▶ **Supplied records**
<<<<

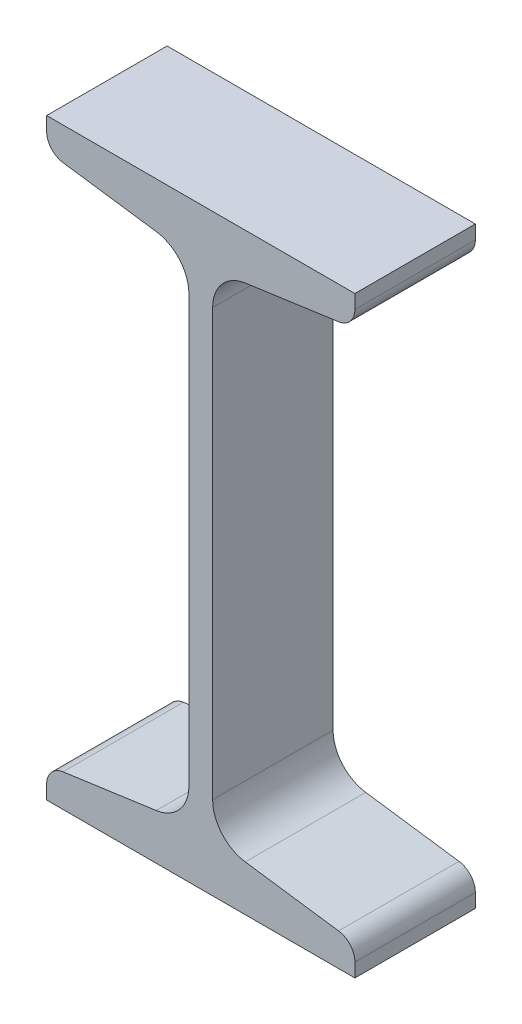
SolidWorks part; units mm, degrees
ref_plane "Front Plane" through (0, 0, 0) normal (0, 0, 1) x (1, 0, 0)
ref_plane "Top Plane" through (0, 0, 0) normal (0, 1, 0) x (1, 0, 0)
ref_plane "Right Plane" through (0, 0, 0) normal (1, 0, 0) x (0, 0, -1)
sketch "Sketch1" plane through (0, 0, 0) normal (0, 0, 1) x (1, 0, 0)
  line L0 (0, 72.9931) -> (0, -63.9253) construction
  line L1 (-32.5, 62.5) -> (32.5, 62.5)
  line L2 (-32.5, 62.5) -> (-32.5, 59.5853)
  line L3 (-32.5, -62.5) -> (32.5, -62.5)
  line L4 (32.5, -59.5853) -> (32.5, -62.5)
  line L5 (-42.3074, 0) -> (60.8749, 0) construction
  line L6 (-32.5, -59.5853) -> (-32.5, -62.5)
  line L7 (-29.0567, 55.6242) -> (-9.3866, 52.8597)
  line L8 (29.0567, -55.6242) -> (9.3866, -52.8597)
  line L9 (-29.0567, -55.6242) -> (-9.3866, -52.8597)
  line L10 (-2.5, 44.9376) -> (-2.5, -44.9376)
  line L11 (2.5, 44.9376) -> (2.5, -44.9376)
  line L12 (29.0567, 55.6242) -> (9.3866, 52.8597)
  line L13 (32.5, 62.5) -> (32.5, 59.5853)
  line L14 (-32.5, 21.4066) -> (-2.5, 21.4066) construction
  line L15 (-17.5, 62.5) -> (-17.5, 54) construction
  line L16 (-17.5, 54) -> (-17.5, 21.4066) construction
  arc A0 (-9.3866, 52.8597) -> (-2.5, 44.9376) centre (-10.5, 44.9376) cw
  arc A1 (-9.3866, -52.8597) -> (-2.5, -44.9376) centre (-10.5, -44.9376) ccw
  arc A2 (9.3866, -52.8597) -> (2.5, -44.9376) centre (10.5, -44.9376) cw
  arc A3 (9.3866, 52.8597) -> (2.5, 44.9376) centre (10.5, 44.9376) ccw
  arc A4 (-32.5, 59.5853) -> (-29.0567, 55.6242) centre (-28.5, 59.5853) ccw
  arc A5 (-32.5, -59.5853) -> (-29.0567, -55.6242) centre (-28.5, -59.5853) cw
  arc A6 (32.5, -59.5853) -> (29.0567, -55.6242) centre (28.5, -59.5853) ccw
  arc A7 (29.0567, 55.6242) -> (32.5, 59.5853) centre (28.5, 59.5853) ccw
  point P18 (0, -62.5)
  point P27 (0, 62.5)
  point P34 (-32.5, 56.1081)
  point P37 (-32.5, -56.1081)
  point P40 (32.5, -56.1081)
  point P43 (32.5, 56.1081)
  dimension "Radius_root" = 8
  dimension "Radius_toe" = 4
  dimension "Depth" = 125
  dimension "Width" = 65
  dimension "Web_thickness" = 5
  dimension "Thickness" = 8.5
  dimension "D1" = 98
extrude "BaseSection" add sketch "Sketch1" along normal mid plane 25.4
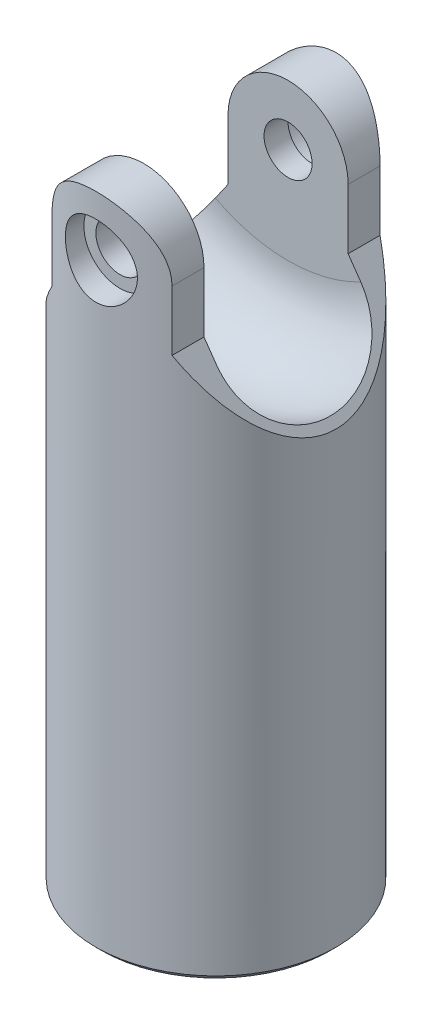
SolidWorks part; units mm, degrees
ref_plane "Alzado" through (0, 0, 0) normal (0, 0, 1) x (1, 0, 0)
ref_plane "Planta" through (0, 0, 0) normal (0, 1, 0) x (1, 0, 0)
ref_plane "Vista lateral" through (0, 0, 0) normal (1, 0, 0) x (0, 0, -1)
sketch "Croquis1" plane through (0, 0, 0) normal (0, 1, 0) x (1, 0, 0)
  circle A0 centre (0, 0) radius 20
  dimension "D1" = 40
extrude "Saliente-Extruir1" add sketch "Croquis1" along normal blind 110
sketch "Croquis2" plane through (0, 0, 0) normal (0, 0, 1) x (1, 0, 0)
  line L0 (-10, 100) -> (-10, 90)
  line L1 (-10, 90) -> (-20, 75.7185)
  line L2 (-20, 110) -> (-20, 0) construction
  line L3 (10, 100) -> (10, 90)
  line L4 (10, 90) -> (20, 75.7185)
  line L5 (20, 0) -> (20, 110) construction
  line L6 (-20, 75.7185) -> (-20, 110)
  line L7 (-20, 110) -> (20, 110)
  line L8 (20, 110) -> (20, 75.7185)
  arc A0 (10, 100) -> (-10, 100) centre (0, 100) ccw
  point P16 (0, 0)
  point P18 (0, 0)
  dimension "D1" = 10
  dimension "D2" = 10
  dimension "D3" = 145
  dimension "D4" = 145
extrude "Cortar-Extruir1" cut sketch "Croquis2" against normal blind 110 and the other way blind 110 contours A0 L7 L6 L1 L0 | A0 L3 L4 L8 L7 region at (14.8763, 96.9702, 0) region at (-14.8763, 96.9702, 0)
sketch "Croquis4" plane through (0, 0, 0) normal (0, 0, 1) x (1, 0, 0)
  circle A0 centre (0, 100) radius 4
  dimension "D1" = 8
extrude "Cortar-Extruir2" cut sketch "Croquis4" against normal blind 110 and the other way blind 110
sketch "Croquis3" plane through (0, 0, 0) normal (1, 0, 0) x (0, 0, -1)
  line L0 (20, 110) -> (-20, 110) construction
  line L1 (-12, 110) -> (12, 110)
  line L2 (-12, 110) -> (-12, 84)
  line L3 (-20, 104) -> (-20, 96) construction
  line L4 (12, 110) -> (12, 84)
  line L5 (0, 0) -> (0, 84) construction
  line L6 (-20, 0) -> (20, 0) construction
  line L7 (-20, 100) -> (19.5959, 100) construction
  line L8 (0, 84) -> (0, 110) construction
  arc A0 (-12, 84) -> (12, 84) centre (0, 84) ccw
  spline S1 degree 2 poles (-20, 104) (-19.2, 100) (-20, 96) knots 0 0 0 1 1 1 weights 0.016 0.02 0.024 construction
  spline S3 degree 2 poles (-20, 104) (-19.2, 100) (-20, 96) knots 0 0 0 1 1 1 weights 0.016 0.02 0.024 construction
  spline S4 degree 2 poles (20, 96) (19.2, 100) (20, 104) knots 0 0 0 1 1 1 weights 0.016 0.02 0.024 construction
  dimension "D2" = 16
  dimension "D3" = 12
  dimension "D1" = 24
revolve "Cortar-Revolución1" cut sketch "Croquis3" angle 360 about L1
ref_plane "Plano1" through (0, 0, 20) normal (0, 0, 1) x (1, 0, 0)
sketch "Croquis5" plane through (0, 0, 20) normal (0, 0, 1) x (1, 0, 0)
  circle A0 centre (0, 100) radius 6
  dimension "D1" = 12
extrude "Cortar-Extruir4" cut sketch "Croquis5" against normal blind 4
mirror "Simetría1" about plane through (0, 0, 0) normal (0, 0, 1) of "Cortar-Extruir4"
sketch "Croquis6" plane through (0, 0, 0) normal (0, 0, 1) x (1, 0, 0)
  line L0 (-20, 0) -> (20, 0) construction
  line L1 (-9, 0) -> (0, 0)
  line L2 (-9, 0) -> (-9, 30)
  line L3 (0, 70) -> (0, 0) construction
  line L4 (0, 70) -> (0, 0)
  line L5 (-9, 30) -> (-14, 30)
  line L8 (0, 70) -> (-14, 70)
  line L9 (-14, 30) -> (-14, 70)
  circle A0 centre (0, 100) radius 4 construction
  dimension "D1" = 28
  dimension "D2" = 40
  dimension "D3" = 30
  dimension "D5" = 9
revolve "Cortar-Revolución2" cut sketch "Croquis6" angle 360 about L3
sketch "Croquis7" plane through (0, 0, 0) normal (0, -1, 0) x (1, 0, 0)
  line L0 (-9.2393, 3.8271) -> (-8.3149, 3.4442)
  line L1 (-10.195, 10.195) -> (0, 0) construction
  line L2 (-3.8271, 9.2393) -> (-3.4442, 8.3149)
  line L3 (0, 0) -> (-12.8654, 0) construction
  line L4 (0, 0) -> (0, 10.0006) construction
  line L5 (3.8271, 9.2393) -> (3.4442, 8.3149)
  line L6 (9.2393, 3.8271) -> (8.3149, 3.4442)
  line L7 (-9.2393, -3.8271) -> (-8.3149, -3.4442)
  line L8 (-3.8271, -9.2393) -> (-3.4442, -8.3149)
  line L9 (9.2393, -3.8271) -> (8.3149, -3.4442)
  line L10 (3.8271, -9.2393) -> (3.4442, -8.3149)
  arc A0 (-3.8271, 9.2393) -> (-9.2393, 3.8271) centre (0, 0) ccw
  circle A1 centre (0, 0) radius 9 construction
  arc A2 (-8.3149, 3.4442) -> (-8.3149, -3.4442) centre (0, 0) ccw
  arc A3 (8.3149, 3.4442) -> (8.3149, -3.4442) centre (0, 0) cw
  arc A4 (3.4442, 8.3149) -> (-3.4442, 8.3149) centre (0, 0) ccw
  arc A5 (-3.8271, -9.2393) -> (-9.2393, -3.8271) centre (0, 0) cw
  arc A6 (3.8271, 9.2393) -> (9.2393, 3.8271) centre (0, 0) cw
  arc A8 (3.4442, -8.3149) -> (-3.4442, -8.3149) centre (0, 0) cw
  arc A9 (3.8271, -9.2393) -> (9.2393, -3.8271) centre (0, 0) ccw
  dimension "D4" = 20.0012
  dimension "D1" = 45
  dimension "D2" = 22.5
  dimension "D3" = 45
extrude "Cortar-Extruir5" cut sketch "Croquis7" against normal blind 44
chamfer "Chaflán1" distance 1 angle 45 1 edges at (0, 0, 20)
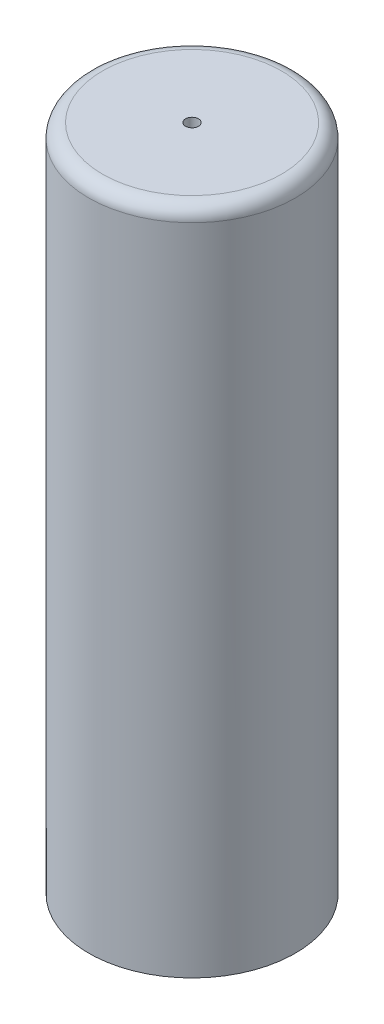
SolidWorks part; units mm, degrees
ref_plane "Front Plane" through (0, 0, 0) normal (0, 0, 1) x (1, 0, 0)
ref_plane "Top Plane" through (0, 0, 0) normal (0, 1, 0) x (1, 0, 0)
ref_plane "Right Plane" through (0, 0, 0) normal (1, 0, 0) x (0, 0, -1)
sketch "Sketch1" plane through (0, 0, 0) normal (0, 1, 0) x (1, 0, 0)
  circle A0 centre (0, 0) radius 19.05
  dimension "D1" = 38.1
extrude "Boss-Extrude1" add sketch "Sketch1" along normal mid plane 120.65
sketch "Sketch3" plane through (0, 60.325, 0) normal (0, 1, 0) x (1, 0, 0)
  circle A0 centre (0, 0) radius 18.05
  circle A1 centre (0, 0) radius 19.05 construction
  dimension "D1" = 1
extrude "Cut-Extrude1" cut sketch "Sketch3" against normal through all
sketch "Sketch4" plane through (0, 60.325, 0) normal (0, 1, 0) x (1, 0, 0)
  circle A0 centre (0, 0) radius 19.05
extrude "Boss-Extrude2" add sketch "Sketch4" along normal blind 2.54
fillet "Fillet1" radius 2.54 1 edges at (0, 62.865, 19.05)
sketch "Sketch5" plane through (0, 62.865, 0) normal (0, 1, 0) x (1, 0, 0)
  circle A0 centre (0, 0) radius 1.2
  dimension "D1" = 2.4
extrude "Cut-Extrude2" cut sketch "Sketch5" against normal through all
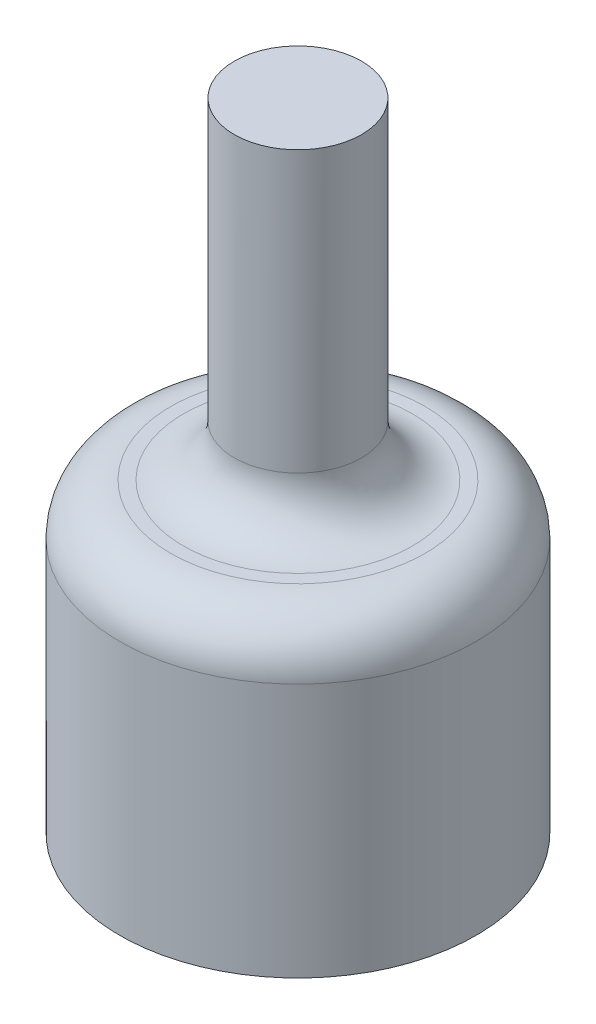
SolidWorks part; units mm, degrees
ref_plane "Front Plane" through (0, 0, 0) normal (0, 0, 1) x (1, 0, 0)
ref_plane "Top Plane" through (0, 0, 0) normal (0, 1, 0) x (1, 0, 0)
ref_plane "Right Plane" through (0, 0, 0) normal (1, 0, 0) x (0, 0, -1)
sketch "Sketch1" plane through (0, 0, 0) normal (0, 1, 0) x (1, 0, 0)
  line L0 (0, -7.5) -> (0, 7.5)
  line L1 (-7.5, 0) -> (7.5, 0)
  circle A0 centre (0, 0) radius 12.5
  circle A1 centre (-7.5, 0) radius 2
  circle A2 centre (0, 7.5) radius 2
  circle A3 centre (7.5, 0) radius 2
  circle A4 centre (0, -7.5) radius 2
  point P6 (0, 0)
  point P9 (0, 0)
  dimension "D1" = 25
  dimension "D4" = 4
  dimension "D5" = 4
  dimension "D6" = 4
  dimension "D7" = 4
  dimension "D2" = 15
  dimension "D3" = 15
extrude "Boss-Extrude1" add sketch "Sketch1" along normal blind 5 contours A0 A4 A1 A2 A3 region at (-12.1464, 0, 0)
sketch "Sketch2" plane through (0, 5, 0) normal (0, 1, 0) x (1, 0, 0)
  circle A0 centre (0, 0) radius 2.5
  dimension "D1" = 5
extrude "Boss-Extrude2" add sketch "Sketch2" along normal blind 15
sketch "Sketch3" plane through (0, 0, 0) normal (0, -1, 0) x (1, 0, 0)
  circle A0 centre (0, 0) radius 5
  dimension "D1" = 10
extrude "Cut-Extrude1" cut sketch "Sketch3" against normal blind 2
sketch "Sketch4" plane through (0, 5, 0) normal (0, 1, 0) x (1, 0, 0)
  circle A0 centre (0, 0) radius 12.5
  dimension "D1" = 25
extrude "Cut-Extrude2" cut sketch "Sketch4" against normal through all
sketch "Sketch5" plane through (0, 5, 0) normal (0, -1, 0) x (1, 0, 0)
  line L0 (0, -2.95) -> (0, 1.75)
  line L1 (-2.3749, 1.75) -> (2.3749, 1.75)
  circle A0 centre (0, 0) radius 7
  circle A1 centre (0, 0) radius 2.95
  point P9 (0, 1.75)
  circle M2 centre (0, 0) radius 2.5
  dimension "D1" = 14
  dimension "D2" = 5.9
  dimension "D3" = 4.7
extrude "Boss-Extrude3" add sketch "Sketch5" along normal blind 10 contours A0 A1 | L1 M2 | L1 A1 M2 region at (0, 5, 2.901) region at (0, 5, 2.0542) region at (-6.802, 5, 0)
extrude "Boss-Extrude4" add sketch "Sketch5<3>" against normal blind 2 contours A0 A1 | L1 M2 | L1 A1 M2 | L0 A1 L1 M2 | L1 L0 M2 | L1 L0 M2 | L1 A1 L0 M2 region at (-2.5834, 5, -1.3054) region at (0.0555, 5, -2.725) region at (-1.1, 5, -0.2133) region at (1.1, 5, -0.2133) region at (0, 5, 2.901) region at (0, 5, 2.0542) region at (-6.802, 5, 0)
sketch "Sketch5<3>" plane through (0, 5, 0) normal (0, -1, 0) x (1, 0, 0) same geometry as "Sketch5"
fillet "Fillet1" radius 2 1 edges at (0, 7, -2.5)
fillet "Fillet2" radius 2 1 edges at (0, 7, -7)
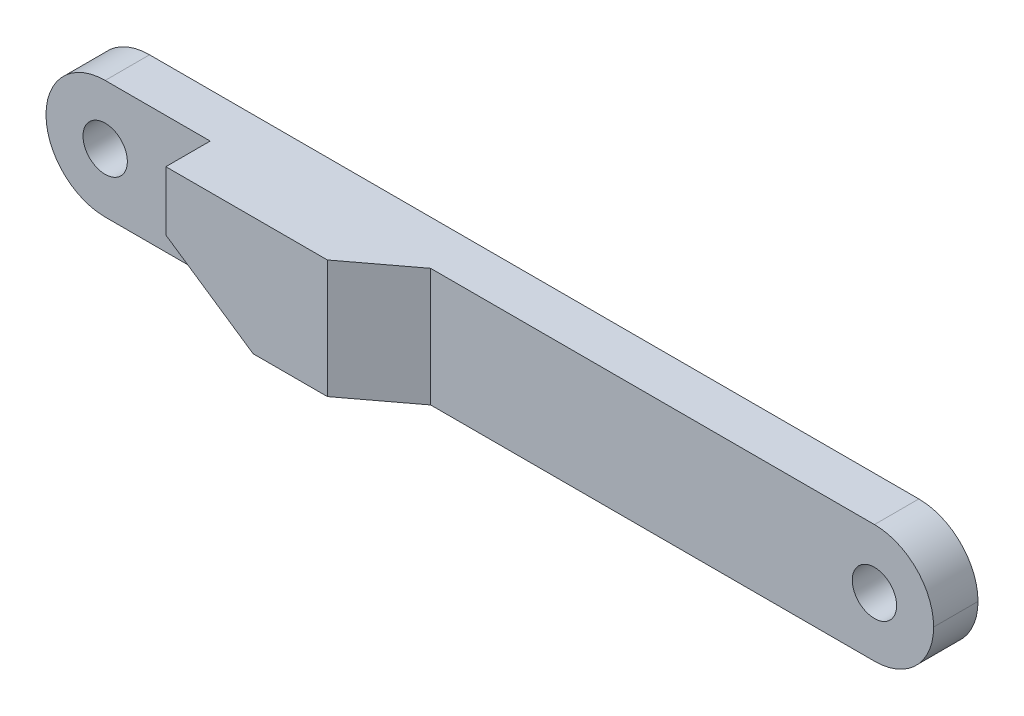
SolidWorks part; units mm, degrees
ref_plane "Płaszczyzna przednia" through (0, 0, 0) normal (0, 0, 1) x (1, 0, 0)
ref_plane "Płaszczyzna górna" through (0, 0, 0) normal (0, 1, 0) x (1, 0, 0)
ref_plane "Płaszczyzna prawa" through (0, 0, 0) normal (1, 0, 0) x (0, 0, -1)
sketch "Szkic1" plane through (0, 0, 0) normal (0, 0, 1) x (1, 0, 0)
  line L1 (0, 0) -> (60, 0)
  line L2 (0, 0) -> (0, 8)
  line L3 (0, 8) -> (60, 8)
  line L4 (60, 0) -> (60, 8)
extrude "Dodanie-wyciągnięcie1" add sketch "Szkic1" along normal blind 3
fillet "Zaokrąglenie1" radius 4 4 edges at (60, 0, 1.5) (60, 8, 1.5) (0, 8, 1.5) (0, 0, 1.5)
sketch "Szkic2" plane through (0, 0, 3) normal (0, 0, 1) x (1, 0, 0)
  circle A0 centre (4, 4) radius 1.5
  circle A1 centre (56, 4) radius 1.5
extrude "Wytnij-wyciągnięcie1" cut sketch "Szkic2" against normal blind 3
sketch "Szkic3" plane through (0, 0, 3) normal (0, 0, 1) x (1, 0, 0)
  line L0 (5.2, 8) -> (17, 0)
  line L1 (56, 8) -> (4, 8) construction
  line L2 (4, 0) -> (56, 0) construction
  line L3 (17, 0) -> (22, 0)
  line L4 (22, 0) -> (22, 8)
  line L5 (22, 8) -> (5.2, 8)
  point P6 (0, 0)
extrude "Dodanie-wyciągnięcie2" add sketch "Szkic3" along normal blind 3
chamfer "Sfazowanie1" distance 4 angle 37 1 edges at (22, 4, 3) first distance on face at (57.5, 4, 3)
sketch "Szkic4" plane through (0, 0, 6) normal (0, 0, 1) x (1, 0, 0)
  line L0 (5.2, 8) -> (11.1, 4)
  line L1 (5.2, 8) -> (17, 0) construction
  line L2 (11.1, 4) -> (11.1, 8)
  line L3 (22.0189, 8) -> (5.2, 8) construction
  line L4 (11.1, 8) -> (5.2, 8)
  point P5 (0, 0)
  point P9 (0, 0)
  point P10 (0, 0)
extrude "Wytnij-wyciągnięcie2" cut sketch "Szkic4" against normal blind 3

>>>>

▶ **What the exercise asks**
Print the lines above from the one with "line L1 (-10.195, 10.195)" through the one with "arc A2 (-8.3149, 3.4442)", both included, exactly as written and nothing more.

▶ **Solution for this exercise**
  line L1 (-10.195, 10.195) -> (0, 0) construction
  line L2 (-3.8271, 9.2393) -> (-3.4442, 8.3149)
  line L3 (0, 0) -> (-12.8654, 0) construction
  line L4 (0, 0) -> (0, 10.0006) construction
  line L5 (3.8271, 9.2393) -> (3.4442, 8.3149)
  line L6 (9.2393, 3.8271) -> (8.3149, 3.4442)
  line L7 (-9.2393, -3.8271) -> (-8.3149, -3.4442)
  line L8 (-3.8271, -9.2393) -> (-3.4442, -8.3149)
  line L9 (9.2393, -3.8271) -> (8.3149, -3.4442)
  line L10 (3.8271, -9.2393) -> (3.4442, -8.3149)
  arc A0 (-3.8271, 9.2393) -> (-9.2393, 3.8271) centre (0, 0) ccw
  circle A1 centre (0, 0) radius 9 construction
  arc A2 (-8.3149, 3.4442) -> (-8.3149, -3.4442) centre (0, 0) ccw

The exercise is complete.